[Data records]

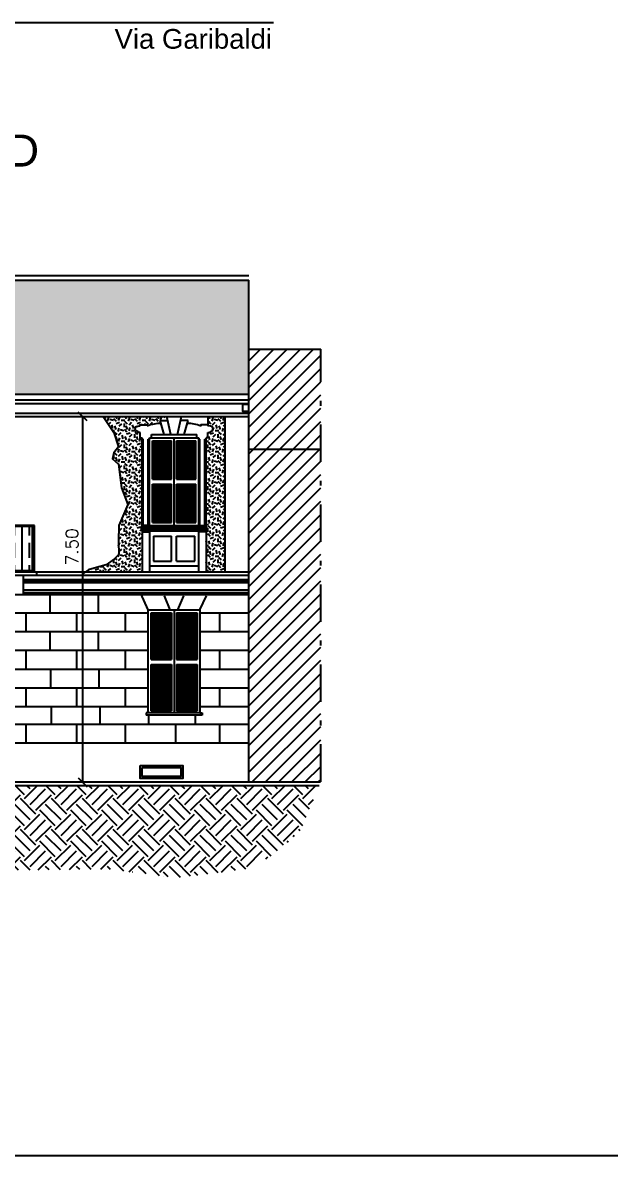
# Model space of a CAD drawing. Header units: millimetres. Extents: x 2032 to 2133, y 894 to 941.
# Drawn here: x 2095.18 to 2107.12, y 894.27 to 917.27 of the extents above; entities that cross this region are included whole.
import ezdxf

# ---------------------------------------------------------------- set-up
doc = ezdxf.new("R2010")
doc.units = ezdxf.units.MM
doc.linetypes.add('TRATTOPUNTO', pattern=[25.4, 12.7, -6.35, 0, -6.35])
for name, color, linetype in [('alberi', 57, 'Continuous'), ('muri sez', 6, 'Continuous'), ('MURILEGGERI', 8, 'Continuous'), ('proiez lontane', 3, 'Continuous'), ('proiezione', 4, 'Continuous'), ('proiezioni', 4, 'Continuous'), ('quuqqquq', 50, 'Continuous'), ('TEGOLENERE', 250, 'Continuous'), ('viste1', 251, 'Continuous')]:
    doc.layers.add(name, color=color, linetype=linetype)
doc.layers.get('0').off()
doc.styles.get("Standard").update_dxf_attribs({"font": 'txt.shx'})
doc.dimstyles.new('STANDARD$0', dxfattribs={"dimtxt": 0.25, "dimasz": 0.18, "dimexe": 0.18, "dimexo": 0.0625, "dimgap": 0.09, "dimtad": 1, "dimzin": 0, "dimdsep": 46, "dimtxsty": 'Standard', "dimblk1": 'OBLIQUE', "dimblk2": 'OBLIQUE', "dimsah": 1, "dimcen": 0.09, "dimse1": 1, "dimse2": 1, "dimazin": 0, "dimtfac": 1, "dimtofl": 0, "dimtmove": 1, "dimatfit": 3, "dimldrblk": 'OBLIQUE', "dimfxl": 1, "dimtolj": 1, "dimtzin": 0, "dimarcsym": 0})
pattern_1 = [(45, (0, -55.70323), (3e-17, 0.42426407), [0.075, -0.225]), (45, (-0.0106, -55.45928), (3e-17, 0.42426407), [0.075, -0.225]), (135, (-0.05303, -55.60777), (-0.42426407, 6e-17), [0.075, -0.225]), (135, (-0.04243, -55.44867), (-0.42426407, 6e-17), [0.075, -0.225]), (90, (-0.10607, -55.5123), (-0.212132034, 0.212132034), [0.075, -0.34926407]), (180, (0.11667, -55.58656), (-0.212132034, -0.212132034), [0.075, -0.34926407]), (71.565051, (-0.0106, -55.58656), (0.212132034, 0.2121320344), [0.075, -0.595820393]), (71.565051, (-0.02121, -55.38503), (0.212132034, 0.2121320344), [0.075, -0.595820393]), (108.434949, (0.14849, -55.55474), (-0.212132034, 0.212132034), [0.075, -0.595820393]), (108.434949, (-0.04243, -55.55474), (-0.212132034, 0.212132034), [0.075, -0.595820393]), (108.434949, (0.08485, -55.53352), (-0.212132034, 0.212132034), [0.075, -0.595820393]), (161.565051, (-0.11667, -55.58656), (-0.2121320344, 0.212132034), [0.075, -0.595820393]), (198.434949, (0.0106, -55.62898), (-0.212132034, -0.212132034), [0.075, -0.595820393])]

# ---------------------------------------------------------------- blocks, each defined once
blk = doc.blocks.new('_Oblique')
at = {"color": 0, "linetype": 'ByBlock', "lineweight": -2}
blk.add_line((-0.5, -0.5), (0.5, 0.5), dxfattribs=at)
blk = doc.blocks.new('*D22')
at = {"layer": 'Defpoints', "color": 0}
for p in [(2096.496, 909.272), (2096.396, 901.843), (2096.496, 901.843)]:
    blk.add_point(p, dxfattribs=at)
at = {"layer": 'quuqqquq', "color": 0, "lineweight": -2}
blk.add_line((2096.396, 909.272), (2096.396, 901.843), dxfattribs=at)
at = {"layer": 'quuqqquq', "color": 0, "lineweight": -2, "xscale": 0.18, "yscale": 0.18, "zscale": 0.18}
for p, rotation in [((2096.396, 909.272), 90), ((2096.396, 901.843), 270)]:
    blk.add_blockref('_Oblique', p, dxfattribs=dict(at, rotation=rotation))
at = {"layer": 'quuqqquq', "color": 0, "insert": (2096.181, 906.626), "char_height": 0.25, "attachment_point": 5, "rotation": 90}
blk.add_mtext('\\A1;7.50', dxfattribs=at)

msp = doc.modelspace()

# ---------------------------------------------------------------- hatches: boundary and pattern name
at = {"layer": 'alberi', "ltscale": 0.0004}
h = msp.add_hatch(dxfattribs=at)
h.set_pattern_fill('GEOL1', color=256, scale=0.3, angle=45, style=0, pattern_type=2)
h.set_pattern_definition(pattern_1)
h.paths.add_polyline_path([(2097.604, 906.997), (2097.588, 906.997), (2097.588, 907.037), (2097.604, 907.037), (2097.604, 908.206), (2097.136, 908.206), (2097.185, 907.826), (2097.317, 907.483), (2097.134, 907.058), (2097.124, 906.724), (2097.134, 906.471), (2097.043, 906.38), (2096.871, 906.259), (2096.679, 906.208), (2096.517, 906.157), (2096.457, 906.119), (2097.604, 906.119)])
h.paths.add_polyline_path([(2097.567, 908.837), (2097.567, 908.907), (2097.567, 908.946), (2097.518, 908.949), (2097.517, 908.967), (2097.478, 908.98), (2097.467, 909.007), (2097.463, 909.03), (2097.477, 909.061), (2097.515, 909.074), (2097.56, 909.083), (2097.56, 909.103), (2097.712, 909.105), (2097.71, 909.077, -0.087266), (2097.99, 909.132), (2097.973, 909.194), (2098.125, 909.194), (2098.108, 909.272), (2096.811, 909.272), (2097.033, 908.949), (2097.124, 908.656), (2097.033, 908.535), (2097.003, 908.413), (2097.124, 908.302), (2097.136, 908.206), (2097.604, 908.206), (2097.604, 908.837)])
h = msp.add_hatch(dxfattribs=at)
h.set_pattern_fill('GEOL1', color=256, scale=0.3, angle=45, style=0, pattern_type=2)
h.set_pattern_definition(pattern_1)
h.paths.add_polyline_path([(2098.905, 907.037), (2098.922, 907.037), (2098.922, 906.997), (2098.905, 906.997), (2098.905, 906.119), (2099.289, 906.119), (2099.289, 908.206), (2098.905, 908.206)])
h.paths.add_polyline_path([(2098.905, 908.206), (2099.289, 908.206), (2099.289, 909.272), (2098.95, 909.272), (2098.95, 909.093), (2098.95, 909.083), (2098.995, 909.074), (2099.033, 909.061), (2099.047, 909.03), (2099.043, 909.007), (2099.031, 908.98), (2098.993, 908.967), (2098.992, 908.949), (2098.943, 908.946), (2098.943, 908.907), (2098.943, 908.837), (2098.905, 908.837)])
at = {"layer": 'MURILEGGERI', "ltscale": 0.01}
h = msp.add_hatch(dxfattribs=at)
h.set_pattern_fill('TROOF1', color=256, scale=0.2, style=0, pattern_type=2)
h.set_pattern_definition([(0, (0, -111.40646), (0.2, 0.2), [0.064, -0.136]), (125.2176, (0.192, -111.386457), (1.400000232704, -1.999999833305), [0.0416174, -4.1201132]), (160.71, (0.168, -111.352457), (3.400001036846, -1.199997298804), [0.0423792, -4.1955448]), (199.29, (0.128, -111.338457), (-3.400001036846, -1.199997298804), [0.0423792, -4.1955448]), (234.7824, (0.088, -111.352457), (-1.400000232704, -1.999999833305), [0.0416174, -4.1201132]), (270, (0.064, -111.38646), (0.2, -0.2), [0.02, -0.18]), (90, (0.192, -111.40646), (-0.2, 0.2), [0.02, -0.18]), (0, (0, -111.39846), (0.2, 0.2), [0.056, -0.144]), (126.3844, (0.2, -111.382457), (2.200002583367, -2.999998110572), [0.0472016, -4.6729678]), (162.3499, (0.172, -111.344457), (-3.800000563887, 1.199998371432), [0.0461736, -4.571185]), (197.6501, (0.128, -111.330457), (3.800000563887, 1.199998371432), [0.0461736, -4.571185]), (233.6156, (0.084, -111.344457), (-2.200002583367, -2.999998110572), [0.0472016, -4.6729678]), (270, (0.056, -111.38246), (0.2, -0.2), [0.016, -0.184]), (90, (0.2, -111.39846), (-0.2, 0.2), [0.016, -0.184]), (0, (0.192, -111.39846), (0.2, 0.2), [0.008, -0.192]), (87.3974, (0.056, -111.382457), (-0.2000028384, -4.199999863916), [0.1761818, -4.2283614]), (92.6026, (0.2, -111.382457), (-0.2000028384, 4.199999863916), [0.1761818, -4.2283614]), (0, (0.192, -111.40646), (0.2, 0.2), [0.008, -0.192])])
h.paths.add_polyline_path([(2099.773, 912.038), (2098.187, 912.038), (2097.642, 909.729), (2099.773, 909.729)])
h.paths.add_polyline_path([(2090.501, 912.038), (2090.979, 909.729), (2097.642, 909.729), (2098.187, 912.038)])
h.paths.add_polyline_path([(2088.749, 910.727), (2088.06, 910.72), (2088.06, 911.237), (2088.06, 911.753), (2088.749, 911.753), (2088.749, 911.244)], flags=16)
h.paths.add_polyline_path([(2088.653, 911.523), (2088.205, 911.523), (2088.205, 911.703), (2088.653, 911.703)], flags=0)
h.paths.add_polyline_path([(2089.376, 911.294), (2089.376, 912.038), (2087.694, 912.038), (2086.816, 909.729), (2090.979, 909.729), (2090.501, 912.038), (2089.776, 912.038), (2089.776, 911.294)])
h.paths.add_polyline_path([(2084.355, 910.598), (2084.355, 912.038), (2084.063, 912.038), (2084.063, 909.729), (2086.816, 909.729), (2087.694, 912.038), (2085.044, 912.038), (2085.044, 910.598)])
at = {"layer": 'proiez lontane'}
h = msp.add_hatch(dxfattribs=at)
h.set_pattern_fill('ANSI31', color=256, scale=0.0125, angle=135, style=0)
h.set_pattern_definition([(180, (-28.50597, -24.147177), (-7e-18, -0.0396875), [])])
h.paths.add_polyline_path([(2097.814, 907.997), (2098.205, 907.997), (2098.205, 908.777), (2097.814, 908.777)])
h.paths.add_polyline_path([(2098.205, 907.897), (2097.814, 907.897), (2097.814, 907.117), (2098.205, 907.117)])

PROBLEM TO SOLVE: Look through the records above and please copy every line in which the string "lineweight" occurs.

OUTPUT OF THE TASK:
at = {"color": 0, "linetype": 'ByBlock', "lineweight": -2}
at = {"layer": 'quuqqquq', "color": 0, "lineweight": -2}
at = {"layer": 'quuqqquq', "color": 0, "lineweight": -2, "xscale": 0.18, "yscale": 0.18, "zscale": 0.18}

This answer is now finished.